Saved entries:
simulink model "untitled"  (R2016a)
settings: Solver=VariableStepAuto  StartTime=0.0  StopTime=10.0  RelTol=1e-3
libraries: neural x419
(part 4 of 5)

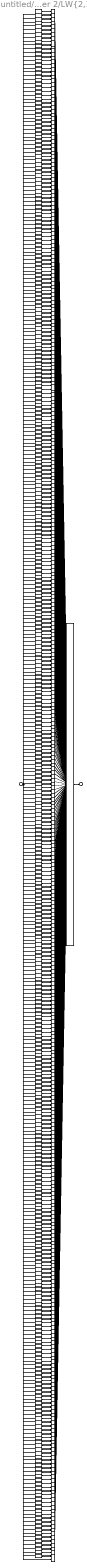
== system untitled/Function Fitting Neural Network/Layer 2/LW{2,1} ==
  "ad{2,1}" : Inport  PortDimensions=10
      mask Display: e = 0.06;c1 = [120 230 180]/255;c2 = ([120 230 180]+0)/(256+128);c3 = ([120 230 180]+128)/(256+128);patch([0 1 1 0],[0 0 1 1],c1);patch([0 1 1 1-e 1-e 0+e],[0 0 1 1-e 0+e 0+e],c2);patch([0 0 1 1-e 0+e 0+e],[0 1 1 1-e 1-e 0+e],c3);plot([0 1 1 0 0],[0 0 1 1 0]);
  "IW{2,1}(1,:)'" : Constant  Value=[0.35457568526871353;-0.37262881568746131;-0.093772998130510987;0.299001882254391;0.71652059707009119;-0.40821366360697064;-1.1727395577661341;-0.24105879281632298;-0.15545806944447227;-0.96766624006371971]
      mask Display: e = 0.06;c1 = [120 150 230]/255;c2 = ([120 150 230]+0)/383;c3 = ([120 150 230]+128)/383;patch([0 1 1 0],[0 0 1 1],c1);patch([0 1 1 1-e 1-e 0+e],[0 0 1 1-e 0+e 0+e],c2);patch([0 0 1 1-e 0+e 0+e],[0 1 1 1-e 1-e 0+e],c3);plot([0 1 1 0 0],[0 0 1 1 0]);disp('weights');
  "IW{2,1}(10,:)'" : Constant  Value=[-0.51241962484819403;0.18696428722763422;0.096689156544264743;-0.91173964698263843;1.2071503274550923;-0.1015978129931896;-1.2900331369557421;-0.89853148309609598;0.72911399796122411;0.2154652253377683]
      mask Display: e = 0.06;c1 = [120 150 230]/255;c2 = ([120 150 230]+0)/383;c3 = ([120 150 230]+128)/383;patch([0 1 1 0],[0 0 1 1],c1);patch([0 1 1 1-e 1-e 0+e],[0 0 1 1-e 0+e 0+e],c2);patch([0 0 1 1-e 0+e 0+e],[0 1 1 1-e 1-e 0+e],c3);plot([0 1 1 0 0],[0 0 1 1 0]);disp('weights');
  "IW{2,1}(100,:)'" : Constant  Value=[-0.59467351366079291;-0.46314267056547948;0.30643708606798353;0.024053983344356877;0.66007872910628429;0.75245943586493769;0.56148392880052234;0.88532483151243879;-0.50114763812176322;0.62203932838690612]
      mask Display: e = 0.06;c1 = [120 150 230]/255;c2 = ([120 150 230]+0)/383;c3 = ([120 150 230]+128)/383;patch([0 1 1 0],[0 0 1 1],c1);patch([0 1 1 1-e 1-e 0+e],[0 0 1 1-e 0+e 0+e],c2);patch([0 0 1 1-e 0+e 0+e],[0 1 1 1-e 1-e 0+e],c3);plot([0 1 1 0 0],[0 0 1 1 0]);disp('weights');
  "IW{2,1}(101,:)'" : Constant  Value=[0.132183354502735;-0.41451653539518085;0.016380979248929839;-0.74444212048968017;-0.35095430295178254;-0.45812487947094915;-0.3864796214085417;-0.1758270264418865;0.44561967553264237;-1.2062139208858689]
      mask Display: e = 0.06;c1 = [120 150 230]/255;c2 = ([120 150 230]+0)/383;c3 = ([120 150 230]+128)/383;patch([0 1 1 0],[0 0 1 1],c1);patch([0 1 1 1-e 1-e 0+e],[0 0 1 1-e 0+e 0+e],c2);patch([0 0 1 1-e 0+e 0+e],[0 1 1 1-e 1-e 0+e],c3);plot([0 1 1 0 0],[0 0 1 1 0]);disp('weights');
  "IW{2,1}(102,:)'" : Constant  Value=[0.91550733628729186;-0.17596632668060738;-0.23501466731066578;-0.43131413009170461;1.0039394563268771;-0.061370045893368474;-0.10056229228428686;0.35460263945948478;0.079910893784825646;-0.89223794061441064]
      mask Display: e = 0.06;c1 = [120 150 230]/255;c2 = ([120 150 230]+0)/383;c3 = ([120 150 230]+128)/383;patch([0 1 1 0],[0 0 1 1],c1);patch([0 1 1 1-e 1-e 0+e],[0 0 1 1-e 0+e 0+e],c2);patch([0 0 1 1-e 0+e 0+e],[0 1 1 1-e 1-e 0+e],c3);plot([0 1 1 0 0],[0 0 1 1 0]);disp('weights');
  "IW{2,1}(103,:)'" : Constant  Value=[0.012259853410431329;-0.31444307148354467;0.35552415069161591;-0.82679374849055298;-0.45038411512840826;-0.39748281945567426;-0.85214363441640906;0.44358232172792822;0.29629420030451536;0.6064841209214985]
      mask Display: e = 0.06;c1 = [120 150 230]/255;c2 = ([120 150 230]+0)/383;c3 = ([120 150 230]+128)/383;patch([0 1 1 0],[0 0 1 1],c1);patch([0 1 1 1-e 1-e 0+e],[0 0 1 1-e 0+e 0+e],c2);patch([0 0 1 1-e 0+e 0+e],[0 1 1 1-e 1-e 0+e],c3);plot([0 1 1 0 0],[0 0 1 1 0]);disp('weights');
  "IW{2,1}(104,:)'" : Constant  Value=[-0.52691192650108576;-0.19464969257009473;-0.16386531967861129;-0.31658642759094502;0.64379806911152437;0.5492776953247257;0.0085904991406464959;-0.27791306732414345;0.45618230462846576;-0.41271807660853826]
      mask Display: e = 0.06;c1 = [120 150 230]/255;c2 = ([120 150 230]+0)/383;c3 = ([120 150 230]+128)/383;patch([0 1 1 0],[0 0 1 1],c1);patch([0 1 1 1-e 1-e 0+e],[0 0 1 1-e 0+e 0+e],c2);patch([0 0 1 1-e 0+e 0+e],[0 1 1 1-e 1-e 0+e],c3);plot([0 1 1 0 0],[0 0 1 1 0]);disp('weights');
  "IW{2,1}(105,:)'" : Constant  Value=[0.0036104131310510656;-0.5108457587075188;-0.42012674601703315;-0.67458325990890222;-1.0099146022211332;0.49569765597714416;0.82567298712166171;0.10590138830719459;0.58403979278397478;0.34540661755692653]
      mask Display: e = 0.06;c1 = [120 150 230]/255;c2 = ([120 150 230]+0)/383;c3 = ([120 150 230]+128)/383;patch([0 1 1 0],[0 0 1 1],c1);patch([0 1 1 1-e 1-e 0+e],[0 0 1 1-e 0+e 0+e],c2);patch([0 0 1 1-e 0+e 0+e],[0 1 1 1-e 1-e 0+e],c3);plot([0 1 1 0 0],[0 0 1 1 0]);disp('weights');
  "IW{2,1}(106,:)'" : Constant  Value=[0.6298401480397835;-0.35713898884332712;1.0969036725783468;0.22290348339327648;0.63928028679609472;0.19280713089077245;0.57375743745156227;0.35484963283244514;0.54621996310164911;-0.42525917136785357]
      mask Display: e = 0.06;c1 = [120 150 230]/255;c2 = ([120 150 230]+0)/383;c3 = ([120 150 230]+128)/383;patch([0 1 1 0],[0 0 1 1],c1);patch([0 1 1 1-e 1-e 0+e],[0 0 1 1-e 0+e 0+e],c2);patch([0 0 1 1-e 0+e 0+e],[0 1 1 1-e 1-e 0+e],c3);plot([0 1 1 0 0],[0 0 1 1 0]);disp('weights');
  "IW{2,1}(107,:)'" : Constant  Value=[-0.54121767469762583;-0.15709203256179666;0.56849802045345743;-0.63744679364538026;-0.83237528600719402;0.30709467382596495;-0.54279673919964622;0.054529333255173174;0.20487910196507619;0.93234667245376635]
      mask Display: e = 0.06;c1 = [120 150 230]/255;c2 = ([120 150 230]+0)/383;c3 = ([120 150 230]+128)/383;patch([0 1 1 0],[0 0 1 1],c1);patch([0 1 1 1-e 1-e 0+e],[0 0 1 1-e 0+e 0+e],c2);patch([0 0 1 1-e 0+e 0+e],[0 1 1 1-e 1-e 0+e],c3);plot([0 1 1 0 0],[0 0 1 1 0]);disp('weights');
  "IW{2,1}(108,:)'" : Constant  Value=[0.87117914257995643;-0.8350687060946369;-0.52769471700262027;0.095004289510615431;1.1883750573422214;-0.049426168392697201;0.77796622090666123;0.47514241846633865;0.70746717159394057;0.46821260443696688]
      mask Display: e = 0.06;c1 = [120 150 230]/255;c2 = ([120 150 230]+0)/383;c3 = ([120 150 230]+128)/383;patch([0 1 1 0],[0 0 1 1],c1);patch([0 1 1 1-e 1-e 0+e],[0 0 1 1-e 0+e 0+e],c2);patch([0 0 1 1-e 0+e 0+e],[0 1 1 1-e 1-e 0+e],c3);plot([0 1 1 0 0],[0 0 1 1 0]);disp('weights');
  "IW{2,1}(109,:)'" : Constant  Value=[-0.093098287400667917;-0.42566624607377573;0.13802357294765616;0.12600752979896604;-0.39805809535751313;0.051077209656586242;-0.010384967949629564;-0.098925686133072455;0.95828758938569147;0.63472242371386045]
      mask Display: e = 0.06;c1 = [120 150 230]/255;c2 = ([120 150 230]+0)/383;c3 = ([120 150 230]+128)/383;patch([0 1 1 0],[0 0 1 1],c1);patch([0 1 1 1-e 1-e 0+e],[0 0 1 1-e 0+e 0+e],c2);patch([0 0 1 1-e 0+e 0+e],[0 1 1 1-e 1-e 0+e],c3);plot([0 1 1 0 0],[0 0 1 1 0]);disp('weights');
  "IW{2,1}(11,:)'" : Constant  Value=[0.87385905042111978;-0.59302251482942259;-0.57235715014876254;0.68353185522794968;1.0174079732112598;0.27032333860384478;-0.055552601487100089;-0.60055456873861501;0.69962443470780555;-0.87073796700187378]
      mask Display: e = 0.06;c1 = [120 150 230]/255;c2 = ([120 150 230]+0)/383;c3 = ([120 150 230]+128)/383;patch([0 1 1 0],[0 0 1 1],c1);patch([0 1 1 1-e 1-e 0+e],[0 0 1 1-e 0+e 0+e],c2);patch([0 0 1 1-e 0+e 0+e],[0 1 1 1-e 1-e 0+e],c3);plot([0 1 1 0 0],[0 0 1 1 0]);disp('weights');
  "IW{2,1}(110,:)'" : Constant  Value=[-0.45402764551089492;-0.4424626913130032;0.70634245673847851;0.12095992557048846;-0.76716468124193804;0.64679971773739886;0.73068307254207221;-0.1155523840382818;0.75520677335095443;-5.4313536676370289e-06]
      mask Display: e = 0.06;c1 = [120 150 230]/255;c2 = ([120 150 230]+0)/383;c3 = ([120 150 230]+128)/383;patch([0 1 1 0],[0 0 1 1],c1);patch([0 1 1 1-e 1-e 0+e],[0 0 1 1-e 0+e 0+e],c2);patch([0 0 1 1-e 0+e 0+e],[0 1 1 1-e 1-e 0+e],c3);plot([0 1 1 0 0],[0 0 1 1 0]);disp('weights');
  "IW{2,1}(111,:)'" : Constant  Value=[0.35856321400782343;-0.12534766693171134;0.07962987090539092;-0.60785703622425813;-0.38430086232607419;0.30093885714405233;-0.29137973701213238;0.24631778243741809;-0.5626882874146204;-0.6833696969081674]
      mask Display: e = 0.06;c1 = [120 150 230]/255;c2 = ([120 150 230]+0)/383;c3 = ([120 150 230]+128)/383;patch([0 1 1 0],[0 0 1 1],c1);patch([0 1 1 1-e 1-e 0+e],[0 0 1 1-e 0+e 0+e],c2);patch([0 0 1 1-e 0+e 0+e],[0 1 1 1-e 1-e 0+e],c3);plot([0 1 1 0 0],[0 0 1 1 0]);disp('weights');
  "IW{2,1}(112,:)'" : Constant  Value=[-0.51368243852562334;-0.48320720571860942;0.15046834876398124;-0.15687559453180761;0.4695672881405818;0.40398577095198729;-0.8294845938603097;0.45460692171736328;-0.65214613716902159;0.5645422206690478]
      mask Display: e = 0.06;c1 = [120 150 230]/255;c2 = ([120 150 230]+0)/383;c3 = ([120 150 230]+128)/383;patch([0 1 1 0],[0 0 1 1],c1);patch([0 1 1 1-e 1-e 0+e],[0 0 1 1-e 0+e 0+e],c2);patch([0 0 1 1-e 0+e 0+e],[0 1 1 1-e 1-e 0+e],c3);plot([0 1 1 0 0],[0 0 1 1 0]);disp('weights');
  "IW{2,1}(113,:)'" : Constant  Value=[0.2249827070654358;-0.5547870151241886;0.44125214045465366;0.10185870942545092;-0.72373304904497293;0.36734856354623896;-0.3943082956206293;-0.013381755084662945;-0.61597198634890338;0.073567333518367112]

## YOUR GOAL
Check each line above for the string "untitled", then copy the ones that have it.

## RESPONSE
simulink model "untitled"  (R2016a)
== system untitled/Function Fitting Neural Network/Layer 2/LW{2,1} ==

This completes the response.